One of my more perverse interests is the bad self-help gurus who frequent day-time television. Today I enjoyed
“Happiness NOW!”, by happiness expert Robert Holden, which, as the author told an easy-target Oprah, worked from a law-of-attraction approach… in other words, if you project positivity into the world, you’ll get positivity back.
To prove his point, Holden and O dragged 6 average Joes onto the set to talk about their happiness or failure to reach happiness. Having completed surveys to measure their “happiness levels”, those who weren’t adequately happy were then systematically berated for not being in touch with their inner happiness, because "happiness starts now". You just have to get in touch with your inner happiness… the world is inside your head… if it’s a happy world you construct then you’ll be happy. Such platitudes were then followed by a smug Dr Holden and O talking about the moments when they each discovered that they were the masters of their universe. This became quite surreal when O was talking about the moment “in 1985” when she realized that her world existed in “her head”, and it was hers to control… Hmmm.
I couldn't find this particular footage, but here's O talking on Larry King about how, I kid you not, a call from the casting director of The Color Purple is the basis of her particular brand of metaphysics:
My problem with this kind of stuff? Where do I start…

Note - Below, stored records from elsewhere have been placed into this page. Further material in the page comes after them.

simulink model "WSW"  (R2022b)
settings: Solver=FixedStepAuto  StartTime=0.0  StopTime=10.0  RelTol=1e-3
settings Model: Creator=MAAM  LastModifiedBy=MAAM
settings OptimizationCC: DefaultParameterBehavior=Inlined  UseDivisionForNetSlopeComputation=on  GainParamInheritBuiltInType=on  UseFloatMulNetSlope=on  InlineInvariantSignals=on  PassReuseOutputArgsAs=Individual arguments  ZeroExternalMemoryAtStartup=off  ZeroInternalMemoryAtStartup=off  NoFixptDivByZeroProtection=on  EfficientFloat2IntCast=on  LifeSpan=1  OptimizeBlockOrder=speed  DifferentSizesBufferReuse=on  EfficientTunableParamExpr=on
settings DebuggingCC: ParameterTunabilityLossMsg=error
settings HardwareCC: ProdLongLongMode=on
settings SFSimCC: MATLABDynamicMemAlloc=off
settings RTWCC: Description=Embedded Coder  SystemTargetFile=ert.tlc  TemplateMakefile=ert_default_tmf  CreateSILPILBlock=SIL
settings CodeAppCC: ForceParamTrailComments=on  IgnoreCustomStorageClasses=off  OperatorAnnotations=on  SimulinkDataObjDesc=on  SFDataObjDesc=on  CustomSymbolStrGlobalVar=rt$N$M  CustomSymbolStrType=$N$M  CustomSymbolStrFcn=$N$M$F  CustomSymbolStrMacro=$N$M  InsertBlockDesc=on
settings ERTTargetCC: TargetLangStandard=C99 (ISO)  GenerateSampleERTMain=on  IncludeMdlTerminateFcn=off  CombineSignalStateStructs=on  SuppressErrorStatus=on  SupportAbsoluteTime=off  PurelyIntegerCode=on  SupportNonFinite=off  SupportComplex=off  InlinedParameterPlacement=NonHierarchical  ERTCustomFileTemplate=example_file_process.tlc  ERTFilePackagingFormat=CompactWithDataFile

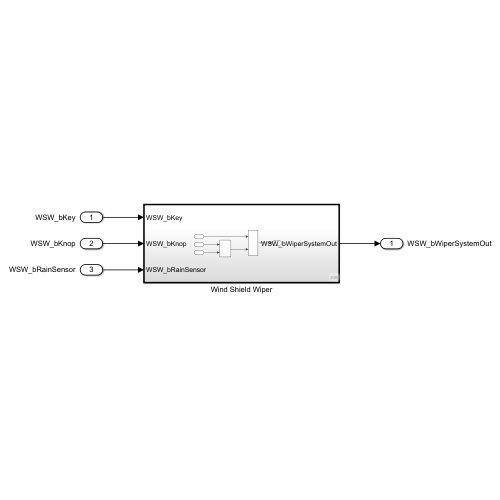
[thumbnail: Simulink's stored preview of the top-level diagram]
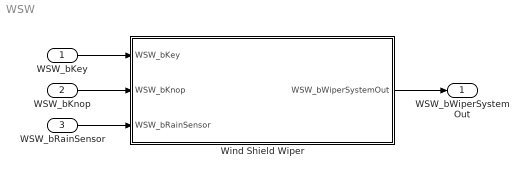
== system WSW ==
  WSW_bKey : Inport  OutDataTypeStr=boolean
  WSW_bKnop : Inport  Port=2  OutDataTypeStr=boolean
  WSW_bRainSensor : Inport  Port=3  OutDataTypeStr=boolean
  Wind Shield Wiper : Subsystem  TreatAsAtomicUnit=on
  WSW_bWiperSystemOut : Outport  OutDataTypeStr=boolean
  wires:
  WSW_bKey/1 -> Wind Shield Wiper/1(WSW_bKey)
  WSW_bKnop/1 -> Wind Shield Wiper/2(WSW_bKnop)
  WSW_bRainSensor/1 -> Wind Shield Wiper/3(WSW_bRainSensor)
  Wind Shield Wiper/1(WSW_bWiperSystemOut) -> WSW_bWiperSystemOut/1

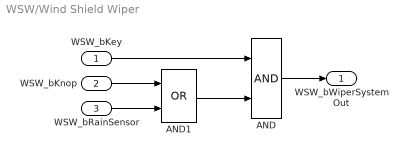
== system WSW/Wind Shield Wiper ==
  WSW_bKey : Inport  OutDataTypeStr=boolean
  WSW_bKnop : Inport  Port=2  OutDataTypeStr=boolean
  WSW_bRainSensor : Inport  Port=3  OutDataTypeStr=boolean
  AND : Logic  AllPortsSameDT=off  OutDataTypeStr=boolean
  AND1 : Logic  Operator=OR  AllPortsSameDT=off  OutDataTypeStr=boolean
  WSW_bWiperSystemOut : Outport  OutDataTypeStr=boolean
  wires:
  WSW_bKnop/1 -> AND1/1
  AND1/1 -> AND/2
  WSW_bRainSensor/1 -> AND1/2
  WSW_bKey/1 -> AND/1
  AND/1 -> WSW_bWiperSystemOut/1

1) Law-of-attraction frameworks (eg the base of The Secret – for those who like their metaphysics by Channel 9 producers) provide a false sense of agency based on blaming the miserable and sick for their own state of affairs. This is really just a thinly veiled Social Darwinist approach: she got cancer because she was anxious, he’s poor because he wasn’t positive enough… Rather than working hard or otherwise as the deciding factor between success or a swift descent through the social sediment (eg ignoring class), law-of-attraction simply swaps work for “positivity”. This means people can feel comfortable for their successes because the less successful just weren’t positive enough – genetics, class, prejudice be damned – and dampen their fears of the great unknowns, eg cancer, which can be warded off through positivity alone (which I'm sure is a factor, but not the only factor). This might be my own pathology here (cynic, pessimist), but this sort of stuff irks me deeply.
2) Yapping on about connecting to your “inner happiness” trivializes the mechanics through which people can feel happy and secure. Yes, attitude is important, but there are a whole host of other factors that effect outlook and disposition – financial security, genetics, health, intra-family dynamics etc. Asserting that within any of these contexts one should be able to connect to their own happiness adds another thing to worry about. Why have I failed at happiness?
3) Self-help authors are not disinterested observers. They’ve got something to sell, so it’s in their interest that we believe in a quick-fix to happiness.
4) Telling people that they can feel happy if they want to is very, very similar to telling people to just get on with it.
5) AND (this might be too cynical, but) the same consumer capitalist societies which allow people like Oprah to find their happiness cannot function if everyone is able to create their ideal lives. Oh my god I'm so negative...
But seriously, when did Oprah get completely loopy with this kind of stuff? Is this what happens with obscene wealth and power?